**AIM OF THE EXERCISE:** Check every line of the entries that follow, and copy the ones containing "AplusA".

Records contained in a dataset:
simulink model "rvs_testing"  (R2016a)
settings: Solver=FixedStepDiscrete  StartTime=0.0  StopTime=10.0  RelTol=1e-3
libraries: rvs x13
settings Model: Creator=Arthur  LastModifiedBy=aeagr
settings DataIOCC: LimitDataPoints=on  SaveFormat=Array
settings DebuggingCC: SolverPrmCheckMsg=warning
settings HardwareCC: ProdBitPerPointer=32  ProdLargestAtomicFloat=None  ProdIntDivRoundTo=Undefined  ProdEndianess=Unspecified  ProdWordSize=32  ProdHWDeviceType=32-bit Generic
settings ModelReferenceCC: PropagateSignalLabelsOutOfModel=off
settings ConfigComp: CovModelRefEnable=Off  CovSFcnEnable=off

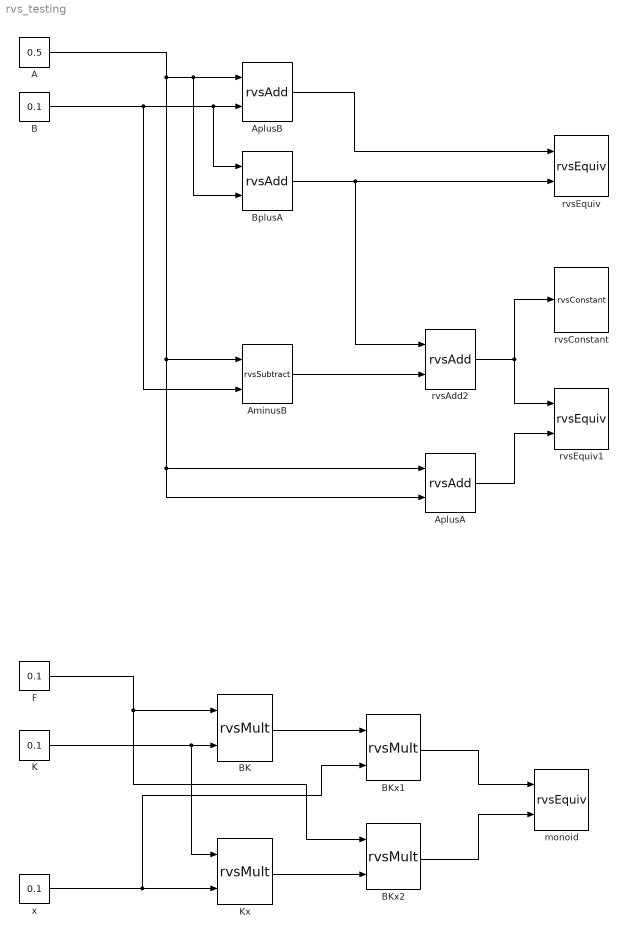
== system rvs_testing ==
  A : Constant  Value=0.5
  AminusB : rvs/rvsSubtract
  AplusA : rvs/rvsAdd
  AplusB : rvs/rvsAdd
  B : Constant  Value=0.1
  BK : rvs/rvsMult
  BKx1 : rvs/rvsMult
  BKx2 : rvs/rvsMult
  BplusA : rvs/rvsAdd
  F : Constant  Value=0.1
  K : Constant  Value=0.1
  Kx : rvs/rvsMult
  monoid : rvs/rvsEquiv  tol=1e-9
  rvsAdd2 : rvs/rvsAdd
  rvsConstant : rvs/rvsConstant
  rvsEquiv : rvs/rvsEquiv  tol=1e-9
  rvsEquiv1 : rvs/rvsEquiv  tol=1e-9
  x : Constant  Value=0.1
  wires:
  B/1 -> AminusB/2, BplusA/1, AplusB/2
  AplusB/1 -> rvsEquiv/1
  AminusB/1 -> rvsAdd2/2
  BplusA/1 -> rvsAdd2/1, rvsEquiv/2
  rvsAdd2/1 -> rvsConstant/1, rvsEquiv1/1
  AplusA/1 -> rvsEquiv1/2
  A/1 -> AplusA/2, AplusA/1, AminusB/1, BplusA/2, AplusB/1
  K/1 -> Kx/1, BK/2
  BK/1 -> BKx1/1
  x/1 -> Kx/2, BKx1/2
  Kx/1 -> BKx2/2
  BKx1/1 -> monoid/1
  BKx2/1 -> monoid/2
  F/1 -> BKx2/1, BK/1

**TASK ANSWER:**
  AplusA : rvs/rvsAdd
  AplusA/1 -> rvsEquiv1/2
  A/1 -> AplusA/2, AplusA/1, AminusB/1, BplusA/2, AplusB/1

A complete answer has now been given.